■ What this task involves ■
Your job is to transcribe all the records that follow, excluding any pictures.

Extracted records

******************************

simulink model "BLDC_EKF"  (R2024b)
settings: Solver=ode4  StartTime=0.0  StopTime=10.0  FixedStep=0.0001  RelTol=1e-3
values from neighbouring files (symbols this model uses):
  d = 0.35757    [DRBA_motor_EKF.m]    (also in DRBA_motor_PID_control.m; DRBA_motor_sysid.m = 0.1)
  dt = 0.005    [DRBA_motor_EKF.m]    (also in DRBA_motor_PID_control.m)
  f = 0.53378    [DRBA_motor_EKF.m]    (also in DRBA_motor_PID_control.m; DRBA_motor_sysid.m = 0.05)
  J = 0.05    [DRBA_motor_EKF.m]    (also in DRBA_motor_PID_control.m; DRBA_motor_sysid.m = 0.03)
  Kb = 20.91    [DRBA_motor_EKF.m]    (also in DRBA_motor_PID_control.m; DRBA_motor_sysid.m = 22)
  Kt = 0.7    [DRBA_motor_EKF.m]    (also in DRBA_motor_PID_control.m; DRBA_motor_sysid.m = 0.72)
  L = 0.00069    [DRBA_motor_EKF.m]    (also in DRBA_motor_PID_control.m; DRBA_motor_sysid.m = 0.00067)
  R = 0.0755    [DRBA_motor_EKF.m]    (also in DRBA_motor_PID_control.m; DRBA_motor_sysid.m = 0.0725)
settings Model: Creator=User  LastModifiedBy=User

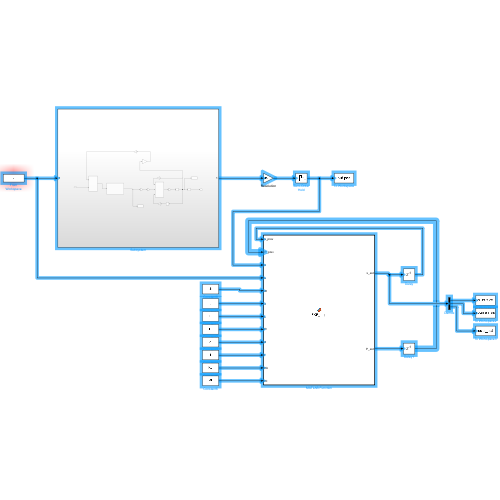
[thumbnail: Simulink's stored preview of the top-level diagram]
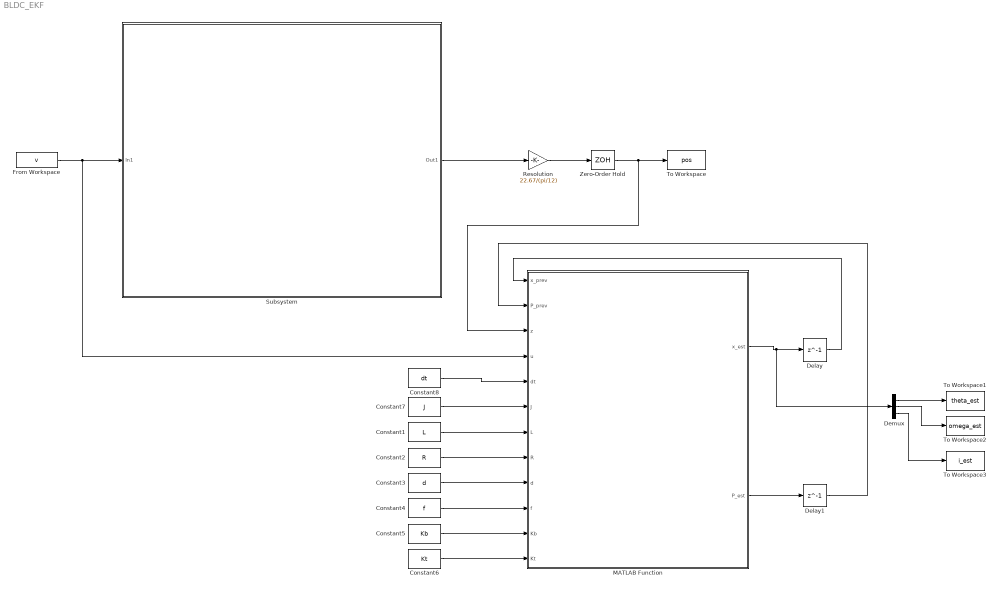
== system BLDC_EKF ==
  Constant1 : Constant  Value=L
  Constant2 : Constant  Value=R
  Constant3 : Constant  Value=d
  Constant4 : Constant  Value=f
  Constant5 : Constant  Value=Kb
  Constant6 : Constant  Value=Kt
  Constant7 : Constant  Value=J
  Constant8 : Constant  Value=dt
  Delay : Delay  DelayLength=1  InitialCondition=[0;0;0]
  Delay1 : Delay  DelayLength=1  InitialCondition=diag([0.01, 0.1, 1])
  Demux : Demux  Outputs=3
  From Workspace : FromWorkspace  VariableName=v
  MATLAB Function : MATLAB Function  TreatAsAtomicUnit=on  SystemSampleTime=0.005
  Resolution : Gain  Gain=22.67/(pi/12)  OutDataTypeStr=int32  RndMeth=Zero  SaturateOnIntegerOverflow=on
  Subsystem : Subsystem  SystemSampleTime=0.0001
  To Workspace : ToWorkspace  VariableName=pos  SampleTime=-1
  To Workspace1 : ToWorkspace  VariableName=theta_est  SampleTime=-1
      settings: Save2DSignal=2-D array (concatenate along first dimension)
  To Workspace2 : ToWorkspace  VariableName=omega_est  SampleTime=-1
      settings: Save2DSignal=2-D array (concatenate along first dimension)
  To Workspace3 : ToWorkspace  VariableName=i_est  SampleTime=-1
      settings: Save2DSignal=2-D array (concatenate along first dimension)
  Zero-Order Hold : ZeroOrderHold  SampleTime=0.005
  wires:
  Resolution/1 -> Zero-Order Hold/1
  From Workspace/1 -> MATLAB Function/4(u), Subsystem/1(In1)
  Subsystem/1(Out1) -> Resolution/1
  Zero-Order Hold/1 -> MATLAB Function/3(z), To Workspace/1
  Constant7/1 -> MATLAB Function/6(J)
  Constant1/1 -> MATLAB Function/7(L)
  Constant2/1 -> MATLAB Function/8(R)
  Constant3/1 -> MATLAB Function/9(d)
  Constant4/1 -> MATLAB Function/10(f)
  Constant5/1 -> MATLAB Function/11(Kb)
  Constant6/1 -> MATLAB Function/12(Kt)
  Constant8/1 -> MATLAB Function/5(dt)
  MATLAB Function/1(x_est) -> Demux/1, Delay/1
  Delay/1 -> MATLAB Function/1(x_prev)
  MATLAB Function/2(P_est) -> Delay1/1
  Delay1/1 -> MATLAB Function/2(P_prev)
  Demux/1 -> To Workspace1/1
  Demux/2 -> To Workspace2/1
  Demux/3 -> To Workspace3/1

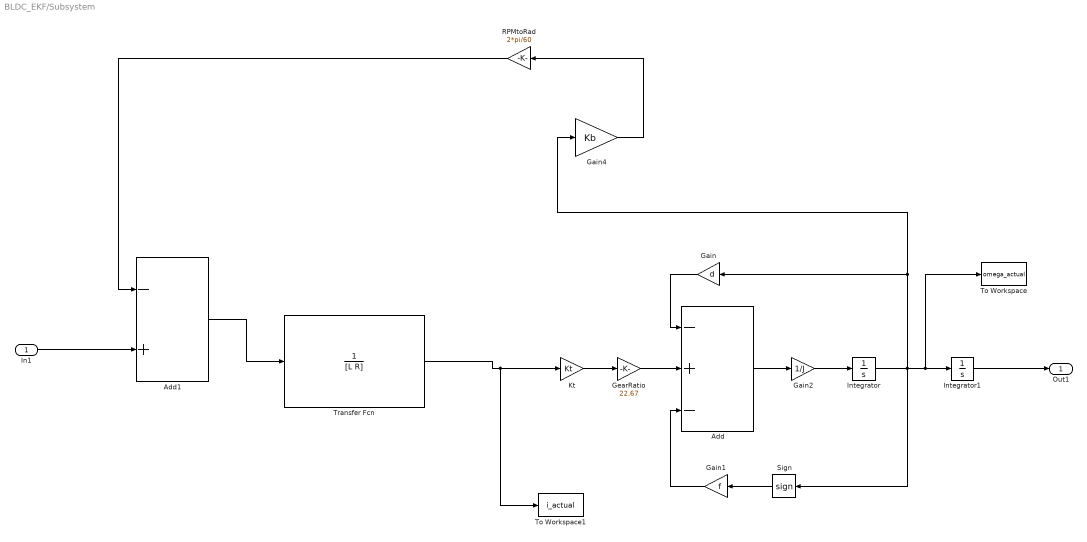
== system BLDC_EKF/Subsystem ==
  In1 : Inport
  Add : Sum  Inputs=-+-
  Add1 : Sum  Inputs=-+
  Gain : Gain  Gain=d
  Gain1 : Gain  Gain=f
  Gain2 : Gain  Gain=1/J
  Gain4 : Gain  Gain=Kb
  GearRatio : Gain  Gain=22.67
  Integrator : Integrator
  Integrator1 : Integrator
  Kt : Gain  Gain=Kt
  RPMtoRad : Gain  Gain=2*pi/60
  Sign : Signum  ZeroCross=off
  To Workspace : ToWorkspace  VariableName=omega_actual  SampleTime=-1
  To Workspace1 : ToWorkspace  VariableName=i_actual  SampleTime=-1
  Transfer Fcn : TransferFcn  Denominator=[L R]
  Out1 : Outport
  wires:
  Gain/1 -> Add/1
  Integrator1/1 -> Out1/1
  Kt/1 -> GearRatio/1
  GearRatio/1 -> Add/2
  RPMtoRad/1 -> Add1/1
  In1/1 -> Add1/2
  Gain2/1 -> Integrator/1
  Transfer Fcn/1 -> To Workspace1/1, Kt/1
  Integrator/1 -> To Workspace/1, Integrator1/1, Gain4/1, Gain/1, Sign/1
  Add/1 -> Gain2/1
  Add1/1 -> Transfer Fcn/1
  Gain1/1 -> Add/3
  Sign/1 -> Gain1/1
  Gain4/1 -> RPMtoRad/1

== matlab function BLDC_EKF/MATLAB Function ==
  data: x_prev input double size=[3 1]; P_prev input double size=[3 3]; z input; u input; x_est output double size=[3 1]; dt input; P_est output double size=[3 3]; J input; L input; R input; d input; f input; Kb input; Kt input
function [x_est, P_est] = EKF_step(x_prev,P_prev,z,u,dt,J,L,R,d,f,Kb,Kt)

x_est = zeros(3,1);
P_est = zeros(3,3);
z = double(z)*pi/12/22.67;

eps = 1/50;

% Previous state
theta = x_prev(1);
omega = x_prev(2);
i = x_prev(3);

% Nonlinear prediction
theta_pred = theta + omega*dt;
omega_pred = omega + 1/J*(Kt*22.67*i-d*omega-sign(omega)*f)*dt;
i_pred = i + 1/L*(u-R*i-Kb*omega*2*pi/60)*dt;

x_pred = [theta_pred;omega_pred;i_pred];

% Jacobian
d_friction_omega = f/eps*(1-tanh(omega/eps)^2);

F_k = [1, dt, 0;
       0, 1-dt/J*(d+d_friction_omega),dt/J*Kt*22.67;
       0, -dt/L*Kb*2*pi/60, 1-dt/L*R];

% Process noise
Q_n = diag([1e-5,1e-2,1e-1]);

P_pred = F_k*P_prev*F_k'+Q_n;

% Measurement
H_k = [1,0,0];
R_n = 0.001;

% Update
y = z - H_k*x_pred;
S = H_k*P_pred*H_k'+R_n;
K_k = P_pred*H_k'/S;

x_est = x_pred + K_k*y;
P_est = (eye(3)-K_k*H_k)*P_pred;

******************************

■ Task output ■
simulink model "BLDC_EKF"  (R2024b)
settings: Solver=ode4  StartTime=0.0  StopTime=10.0  FixedStep=0.0001  RelTol=1e-3
values from neighbouring files (symbols this model uses):
  d = 0.35757    [DRBA_motor_EKF.m]    (also in DRBA_motor_PID_control.m; DRBA_motor_sysid.m = 0.1)
  dt = 0.005    [DRBA_motor_EKF.m]    (also in DRBA_motor_PID_control.m)
  f = 0.53378    [DRBA_motor_EKF.m]    (also in DRBA_motor_PID_control.m; DRBA_motor_sysid.m = 0.05)
  J = 0.05    [DRBA_motor_EKF.m]    (also in DRBA_motor_PID_control.m; DRBA_motor_sysid.m = 0.03)
  Kb = 20.91    [DRBA_motor_EKF.m]    (also in DRBA_motor_PID_control.m; DRBA_motor_sysid.m = 22)
  Kt = 0.7    [DRBA_motor_EKF.m]    (also in DRBA_motor_PID_control.m; DRBA_motor_sysid.m = 0.72)
  L = 0.00069    [DRBA_motor_EKF.m]    (also in DRBA_motor_PID_control.m; DRBA_motor_sysid.m = 0.00067)
  R = 0.0755    [DRBA_motor_EKF.m]    (also in DRBA_motor_PID_control.m; DRBA_motor_sysid.m = 0.0725)
settings Model: Creator=User  LastModifiedBy=User

[thumbnail: Simulink's stored preview of the top-level diagram]
== system BLDC_EKF ==
  Constant1 : Constant  Value=L
  Constant2 : Constant  Value=R
  Constant3 : Constant  Value=d
  Constant4 : Constant  Value=f
  Constant5 : Constant  Value=Kb
  Constant6 : Constant  Value=Kt
  Constant7 : Constant  Value=J
  Constant8 : Constant  Value=dt
  Delay : Delay  DelayLength=1  InitialCondition=[0;0;0]
  Delay1 : Delay  DelayLength=1  InitialCondition=diag([0.01, 0.1, 1])
  Demux : Demux  Outputs=3
  From Workspace : FromWorkspace  VariableName=v
  MATLAB Function : MATLAB Function  TreatAsAtomicUnit=on  SystemSampleTime=0.005
  Resolution : Gain  Gain=22.67/(pi/12)  OutDataTypeStr=int32  RndMeth=Zero  SaturateOnIntegerOverflow=on
  Subsystem : Subsystem  SystemSampleTime=0.0001
  To Workspace : ToWorkspace  VariableName=pos  SampleTime=-1
  To Workspace1 : ToWorkspace  VariableName=theta_est  SampleTime=-1
      settings: Save2DSignal=2-D array (concatenate along first dimension)
  To Workspace2 : ToWorkspace  VariableName=omega_est  SampleTime=-1
      settings: Save2DSignal=2-D array (concatenate along first dimension)
  To Workspace3 : ToWorkspace  VariableName=i_est  SampleTime=-1
      settings: Save2DSignal=2-D array (concatenate along first dimension)
  Zero-Order Hold : ZeroOrderHold  SampleTime=0.005
  wires:
  Resolution/1 -> Zero-Order Hold/1
  From Workspace/1 -> MATLAB Function/4(u), Subsystem/1(In1)
  Subsystem/1(Out1) -> Resolution/1
  Zero-Order Hold/1 -> MATLAB Function/3(z), To Workspace/1
  Constant7/1 -> MATLAB Function/6(J)
  Constant1/1 -> MATLAB Function/7(L)
  Constant2/1 -> MATLAB Function/8(R)
  Constant3/1 -> MATLAB Function/9(d)
  Constant4/1 -> MATLAB Function/10(f)
  Constant5/1 -> MATLAB Function/11(Kb)
  Constant6/1 -> MATLAB Function/12(Kt)
  Constant8/1 -> MATLAB Function/5(dt)
  MATLAB Function/1(x_est) -> Demux/1, Delay/1
  Delay/1 -> MATLAB Function/1(x_prev)
  MATLAB Function/2(P_est) -> Delay1/1
  Delay1/1 -> MATLAB Function/2(P_prev)
  Demux/1 -> To Workspace1/1
  Demux/2 -> To Workspace2/1
  Demux/3 -> To Workspace3/1

== system BLDC_EKF/Subsystem ==
  In1 : Inport
  Add : Sum  Inputs=-+-
  Add1 : Sum  Inputs=-+
  Gain : Gain  Gain=d
  Gain1 : Gain  Gain=f
  Gain2 : Gain  Gain=1/J
  Gain4 : Gain  Gain=Kb
  GearRatio : Gain  Gain=22.67
  Integrator : Integrator
  Integrator1 : Integrator
  Kt : Gain  Gain=Kt
  RPMtoRad : Gain  Gain=2*pi/60
  Sign : Signum  ZeroCross=off
  To Workspace : ToWorkspace  VariableName=omega_actual  SampleTime=-1
  To Workspace1 : ToWorkspace  VariableName=i_actual  SampleTime=-1
  Transfer Fcn : TransferFcn  Denominator=[L R]
  Out1 : Outport
  wires:
  Gain/1 -> Add/1
  Integrator1/1 -> Out1/1
  Kt/1 -> GearRatio/1
  GearRatio/1 -> Add/2
  RPMtoRad/1 -> Add1/1
  In1/1 -> Add1/2
  Gain2/1 -> Integrator/1
  Transfer Fcn/1 -> To Workspace1/1, Kt/1
  Integrator/1 -> To Workspace/1, Integrator1/1, Gain4/1, Gain/1, Sign/1
  Add/1 -> Gain2/1
  Add1/1 -> Transfer Fcn/1
  Gain1/1 -> Add/3
  Sign/1 -> Gain1/1
  Gain4/1 -> RPMtoRad/1

== matlab function BLDC_EKF/MATLAB Function ==
  data: x_prev input double size=[3 1]; P_prev input double size=[3 3]; z input; u input; x_est output double size=[3 1]; dt input; P_est output double size=[3 3]; J input; L input; R input; d input; f input; Kb input; Kt input
function [x_est, P_est] = EKF_step(x_prev,P_prev,z,u,dt,J,L,R,d,f,Kb,Kt)

x_est = zeros(3,1);
P_est = zeros(3,3);
z = double(z)*pi/12/22.67;

eps = 1/50;

% Previous state
theta = x_prev(1);
omega = x_prev(2);
i = x_prev(3);

% Nonlinear prediction
theta_pred = theta + omega*dt;
omega_pred = omega + 1/J*(Kt*22.67*i-d*omega-sign(omega)*f)*dt;
i_pred = i + 1/L*(u-R*i-Kb*omega*2*pi/60)*dt;

x_pred = [theta_pred;omega_pred;i_pred];

% Jacobian
d_friction_omega = f/eps*(1-tanh(omega/eps)^2);

F_k = [1, dt, 0;
       0, 1-dt/J*(d+d_friction_omega),dt/J*Kt*22.67;
       0, -dt/L*Kb*2*pi/60, 1-dt/L*R];

% Process noise
Q_n = diag([1e-5,1e-2,1e-1]);

P_pred = F_k*P_prev*F_k'+Q_n;

% Measurement
H_k = [1,0,0];
R_n = 0.001;

% Update
y = z - H_k*x_pred;
S = H_k*P_pred*H_k'+R_n;
K_k = P_pred*H_k'/S;

x_est = x_pred + K_k*y;
P_est = (eye(3)-K_k*H_k)*P_pred;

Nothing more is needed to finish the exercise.